DDD and Microservices
DDD helps you find good service boundaries, but it does not require microservices.
| Architecture | How DDD Helps |
|---|---|
| Modular monolith | Clear modules and boundaries inside one deployable |
| Microservices | Service boundaries aligned to bounded contexts |
| Event-driven systems | Domain events become integration signals |
| Legacy modernization | Anti-corruption layers reduce model leakage |
Start with boundaries, not deployment units: A well-designed modular monolith is usually better than poorly separated microservices.
Common DDD Mistakes
| Mistake | Problem | Better Approach |
|---|---|---|
| Anemic model | Domain rules live in services and scripts | Put invariants near the data they protect |
| Huge aggregate | Locking and contention increase | Keep aggregate consistency boundary small |
| Generic repository everywhere | Hides domain intent | Use repositories around aggregates |
| One model for all teams | Language conflicts accumulate | Split bounded contexts |
| DDD for CRUD-only apps | Adds ceremony without benefit | Use simpler patterns |
What to Remember for Interviews
- Ubiquitous language: Code should reflect the language of the domain.

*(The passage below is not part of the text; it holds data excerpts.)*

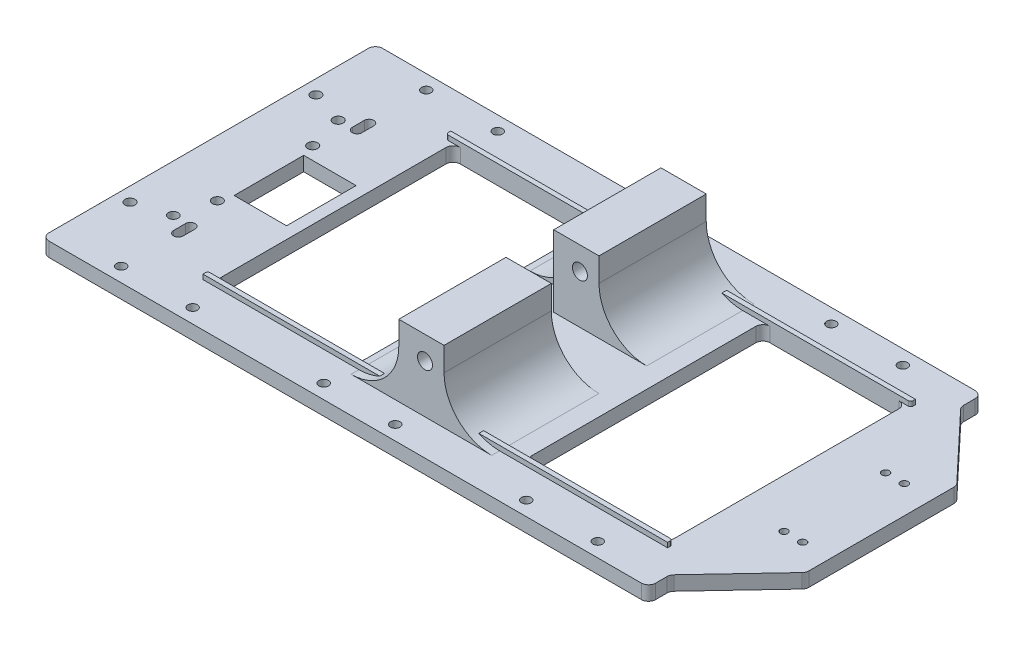
SolidWorks part; units mm, degrees
ref_plane "前视基准面" through (0, 0, 0) normal (0, 0, 1) x (1, 0, 0)
ref_plane "上视基准面" through (0, 0, 0) normal (0, 1, 0) x (1, 0, 0)
ref_plane "右视基准面" through (0, 0, 0) normal (1, 0, 0) x (0, 0, -1)
sketch "草图1" plane through (0, 0, 0) normal (0, 1, 0) x (1, 0, 0)
  line L0 (4082.7289, 1509.8503) -> (4060.7289, 1509.8503)
  line L1 (4175.7346, 1460.2503) -> (4175.7346, 1455.2395)
  line L2 (4145.7346, 1460.2503) -> (4145.7346, 1455.2395)
  line L3 (4179.7346, 1455.2395) -> (4179.7346, 1460.2503)
  line L4 (4115.6347, 1530.6257) -> (4120.1638, 1528.0129)
  line L5 (4060.7289, 1480.6503) -> (4082.7289, 1480.6503)
  line L6 (4094.7346, 1455.2395) -> (4094.7346, 1460.2503)
  line L7 (4149.7346, 1455.2395) -> (4149.7346, 1460.2503)
  line L8 (4122.2625, 1531.6509) -> (4117.7334, 1534.2637)
  line L9 (4060.7346, 1460.2503) -> (4060.7346, 1455.2395)
  line L10 (4234.7346, 1455.2395) -> (4234.7346, 1460.2503)
  line L11 (4064.7346, 1455.2395) -> (4064.7346, 1460.2503)
  line L12 (4090.7346, 1460.2503) -> (4090.7346, 1455.2395)
  line L13 (4060.7289, 1509.8503) -> (4060.7289, 1480.6503)
  line L14 (4082.7289, 1480.6503) -> (4082.7289, 1509.8503)
  line L15 (4090.7346, 1530.2503) -> (4090.7346, 1535.2611)
  line L16 (4176.5776, 1504.5503) -> (4176.5776, 1485.9503)
  line L17 (4175.5776, 1484.9503) -> (4135.5776, 1484.9503)
  line L18 (4094.7346, 1535.2611) -> (4094.7346, 1530.2503)
  line L19 (4115.7772, 1460.3388) -> (4120.3279, 1462.5177)
  line L20 (4149.7346, 1535.2611) -> (4149.7346, 1530.2503)
  line L21 (4060.7346, 1530.2503) -> (4060.7346, 1535.2611)
  line L22 (4145.7346, 1530.2503) -> (4145.7346, 1535.2611)
  line L23 (4122.1349, 1458.8376) -> (4117.6283, 1456.569)
  line L24 (4134.5776, 1485.9503) -> (4134.5776, 1504.5503)
  line L25 (4135.5776, 1505.5503) -> (4175.5776, 1505.5503)
  line L26 (4064.7346, 1535.2611) -> (4064.7346, 1530.2503)
  line L27 (4175.7346, 1530.2503) -> (4175.7346, 1535.2611)
  line L28 (4038.4346, 1425.2395) -> (4287.0345, 1425.2395)
  line L29 (4317.7347, 1464.8467) -> (4317.7347, 1525.6539)
  line L30 (4251.291, 1514.7632) -> (4251.291, 1522.5539)
  line L31 (4251.291, 1542.4908) -> (4251.291, 1550.2815)
  line L32 (4260.7346, 1460.2503) -> (4260.7346, 1455.2395)
  line L33 (4264.7346, 1455.2395) -> (4264.7346, 1460.2503)
  line L34 (4287.0345, 1565.2611) -> (4038.4346, 1565.2611)
  line L35 (4248.191, 1550.2815) -> (4248.191, 1542.4908)
  line L36 (4035.4346, 1562.2611) -> (4035.4346, 1428.2395)
  line L37 (4316.9188, 1527.7105) -> (4290.8504, 1555.3947)
  line L38 (4290.0345, 1557.4513) -> (4290.0345, 1562.2611)
  line L39 (4290.8504, 1435.106) -> (4316.9188, 1462.7901)
  line L40 (4248.191, 1522.5539) -> (4248.191, 1514.7632)
  line L41 (4230.7346, 1460.2503) -> (4230.7346, 1455.2395)
  line L42 (4290.0345, 1428.2395) -> (4290.0345, 1433.0493)
  line L43 (4256.0776, 1504.5503) -> (4256.0776, 1485.9503)
  line L44 (4230.7346, 1530.2503) -> (4230.7346, 1535.2611)
  line L45 (4260.7346, 1530.2503) -> (4260.7346, 1535.2611)
  line L46 (4255.0776, 1484.9503) -> (4215.0776, 1484.9503)
  line L47 (4215.0776, 1505.5503) -> (4255.0776, 1505.5503)
  line L48 (4179.7346, 1535.2611) -> (4179.7346, 1530.2503)
  line L49 (4248.191, 1467.9468) -> (4248.191, 1475.7374)
  line L50 (4234.7346, 1535.2611) -> (4234.7346, 1530.2503)
  line L51 (4214.0776, 1485.9503) -> (4214.0776, 1504.5503)
  line L52 (4248.191, 1440.2192) -> (4248.191, 1448.0098)
  line L53 (4251.291, 1475.7374) -> (4251.291, 1467.9468)
  line L54 (4264.7346, 1535.2611) -> (4264.7346, 1530.2503)
  line L55 (4251.291, 1448.0098) -> (4251.291, 1440.2192)
  arc A0 (4149.7346, 1460.2503) -> (4145.7346, 1460.2503) centre (4147.7346, 1460.2503) ccw
  arc A1 (4175.7346, 1455.2395) -> (4179.7346, 1455.2395) centre (4177.7346, 1455.2395) ccw
  arc A2 (4060.7346, 1455.2395) -> (4064.7346, 1455.2395) centre (4062.7346, 1455.2395) ccw
  circle A3 centre (4041.3063, 1456.3883) radius 2.1
  arc A4 (4064.7346, 1460.2503) -> (4060.7346, 1460.2503) centre (4062.7346, 1460.2503) ccw
  arc A5 (4179.7346, 1460.2503) -> (4175.7346, 1460.2503) centre (4177.7346, 1460.2503) ccw
  arc A6 (4090.7346, 1455.2395) -> (4094.7346, 1455.2395) centre (4092.7346, 1455.2395) ccw
  arc A7 (4230.7346, 1455.2395) -> (4234.7346, 1455.2395) centre (4232.7346, 1455.2395) ccw
  arc A8 (4117.7334, 1534.2637) -> (4115.6347, 1530.6257) centre (4116.6841, 1532.4447) ccw
  circle A9 centre (4055.2132, 1460.6687) radius 2.05
  arc A10 (4145.7346, 1455.2395) -> (4149.7346, 1455.2395) centre (4147.7346, 1455.2395) ccw
  circle A11 centre (4041.3063, 1534.3883) radius 2.1
  arc A12 (4094.7346, 1460.2503) -> (4090.7346, 1460.2503) centre (4092.7346, 1460.2503) ccw
  circle A13 centre (4055.2132, 1529.8319) radius 2.1
  circle A14 centre (4059.1243, 1515.2233) radius 2.1
  circle A15 centre (4059.1243, 1475.2233) radius 2.1
  arc A16 (4120.1638, 1528.0129) -> (4122.2625, 1531.6509) centre (4121.2132, 1529.8319) ccw
  arc A17 (4149.7346, 1535.2611) -> (4145.7346, 1535.2611) centre (4147.7346, 1535.2611) ccw
  arc A18 (4134.5776, 1485.9503) -> (4135.5776, 1484.9503) centre (4135.5776, 1485.9503) ccw
  arc A19 (4122.1349, 1458.8376) -> (4120.3279, 1462.5177) centre (4121.2132, 1460.6687) ccw
  arc A20 (4094.7346, 1535.2611) -> (4090.7346, 1535.2611) centre (4092.7346, 1535.2611) ccw
  arc A21 (4145.7346, 1530.2503) -> (4149.7346, 1530.2503) centre (4147.7346, 1530.2503) ccw
  arc A22 (4064.7346, 1535.2611) -> (4060.7346, 1535.2611) centre (4062.7346, 1535.2611) ccw
  circle A23 centre (4298.1991, 1473.9374) radius 1.55
  arc A24 (4060.7346, 1530.2503) -> (4064.7346, 1530.2503) centre (4062.7346, 1530.2503) ccw
  arc A25 (4175.5776, 1484.9503) -> (4176.5776, 1485.9503) centre (4175.5776, 1485.9503) ccw
  arc A26 (4115.7772, 1460.3388) -> (4117.6283, 1456.569) centre (4116.6841, 1458.4447) ccw
  circle A27 centre (4262.7346, 1559.2611) radius 2
  arc A28 (4090.7346, 1530.2503) -> (4094.7346, 1530.2503) centre (4092.7346, 1530.2503) ccw
  circle A29 centre (4306.0131, 1516.5632) radius 1.55
  circle A30 centre (4259.8276, 1500.2503) radius 1.6
  arc A31 (4176.5776, 1504.5503) -> (4175.5776, 1505.5503) centre (4175.5776, 1504.5503) ccw
  circle A32 centre (4298.1991, 1516.5632) radius 1.55
  circle A33 centre (4262.7346, 1431.2395) radius 2
  circle A34 centre (4306.0131, 1473.9374) radius 1.55
  arc A35 (4135.5776, 1505.5503) -> (4134.5776, 1504.5503) centre (4135.5776, 1504.5503) ccw
  arc A36 (4290.0345, 1562.2611) -> (4287.0345, 1565.2611) centre (4287.0345, 1562.2611) ccw
  arc A37 (4248.191, 1514.7632) -> (4251.291, 1514.7632) centre (4249.741, 1514.7632) ccw
  arc A38 (4038.4346, 1565.2611) -> (4035.4346, 1562.2611) centre (4038.4346, 1562.2611) ccw
  arc A39 (4264.7346, 1460.2503) -> (4260.7346, 1460.2503) centre (4262.7346, 1460.2503) ccw
  arc A40 (4317.7347, 1525.6539) -> (4316.9188, 1527.7105) centre (4314.7347, 1525.6539) ccw
  arc A41 (4234.7346, 1460.2503) -> (4230.7346, 1460.2503) centre (4232.7346, 1460.2503) ccw
  arc A42 (4248.191, 1542.4908) -> (4251.291, 1542.4908) centre (4249.741, 1542.4908) ccw
  arc A43 (4290.0345, 1557.4513) -> (4290.8504, 1555.3947) centre (4293.0345, 1557.4513) ccw
  arc A44 (4251.291, 1522.5539) -> (4248.191, 1522.5539) centre (4249.741, 1522.5539) ccw
  arc A45 (4035.4346, 1428.2395) -> (4038.4346, 1425.2395) centre (4038.4346, 1428.2395) ccw
  arc A46 (4251.291, 1550.2815) -> (4248.191, 1550.2815) centre (4249.741, 1550.2815) ccw
  arc A47 (4287.0345, 1425.2395) -> (4290.0345, 1428.2395) centre (4287.0345, 1428.2395) ccw
  arc A48 (4290.8504, 1435.106) -> (4290.0345, 1433.0493) centre (4293.0345, 1433.0493) ccw
  arc A49 (4316.9188, 1462.7901) -> (4317.7347, 1464.8467) centre (4314.7347, 1464.8467) ccw
  arc A50 (4260.7346, 1455.2395) -> (4264.7346, 1455.2395) centre (4262.7346, 1455.2395) ccw
  arc A51 (4234.7346, 1535.2611) -> (4230.7346, 1535.2611) centre (4232.7346, 1535.2611) ccw
  arc A52 (4214.0776, 1485.9503) -> (4215.0776, 1484.9503) centre (4215.0776, 1485.9503) ccw
  arc A53 (4260.7346, 1530.2503) -> (4264.7346, 1530.2503) centre (4262.7346, 1530.2503) ccw
  arc A54 (4230.7346, 1530.2503) -> (4234.7346, 1530.2503) centre (4232.7346, 1530.2503) ccw
  arc A55 (4255.0776, 1484.9503) -> (4256.0776, 1485.9503) centre (4255.0776, 1485.9503) ccw
  arc A56 (4179.7346, 1535.2611) -> (4175.7346, 1535.2611) centre (4177.7346, 1535.2611) ccw
  arc A57 (4215.0776, 1505.5503) -> (4214.0776, 1504.5503) centre (4215.0776, 1504.5503) ccw
  arc A58 (4256.0776, 1504.5503) -> (4255.0776, 1505.5503) centre (4255.0776, 1504.5503) ccw
  arc A59 (4251.291, 1475.7374) -> (4248.191, 1475.7374) centre (4249.741, 1475.7374) ccw
  arc A60 (4175.7346, 1530.2503) -> (4179.7346, 1530.2503) centre (4177.7346, 1530.2503) ccw
  arc A61 (4251.291, 1448.0098) -> (4248.191, 1448.0098) centre (4249.741, 1448.0098) ccw
  arc A62 (4264.7346, 1535.2611) -> (4260.7346, 1535.2611) centre (4262.7346, 1535.2611) ccw
  arc A63 (4248.191, 1467.9468) -> (4251.291, 1467.9468) centre (4249.741, 1467.9468) ccw
  arc A64 (4248.191, 1440.2192) -> (4251.291, 1440.2192) centre (4249.741, 1440.2192) ccw
  circle A65 centre (4147.7346, 1559.2611) radius 2
  circle A66 centre (4232.7346, 1559.2611) radius 2
  circle A67 centre (4210.3276, 1500.2503) radius 1.6
  circle A68 centre (4101.3063, 1456.3883) radius 2.1
  circle A69 centre (4163.6841, 1458.4447) radius 2.1
  circle A70 centre (4133.2132, 1525.2503) radius 2.1
  circle A71 centre (4163.6841, 1532.4447) radius 2.1
  circle A72 centre (4101.3063, 1534.3883) radius 2.1
  circle A73 centre (4177.7346, 1431.2395) radius 2
  circle A74 centre (4155.2132, 1525.2503) radius 2.1
  circle A75 centre (4155.2132, 1465.2503) radius 2.1
  circle A76 centre (4130.8276, 1490.2503) radius 1.6
  circle A77 centre (4117.1639, 1516.3492) radius 1.5
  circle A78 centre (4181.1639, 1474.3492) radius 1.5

- Bounded contexts: A model is valid inside a boundary, not across the whole company.
- Context maps: Define how contexts integrate and depend on each other.
- Aggregates protect invariants: They are consistency boundaries, not just object graphs.
- DDD informs architecture: It helps choose module and service boundaries.
Practice: Model a ride-sharing domain. Identify bounded contexts such as rider, driver, trip, pricing, payment, dispatch, and support. Then draw the context map and decide where anti-corruption layers are needed.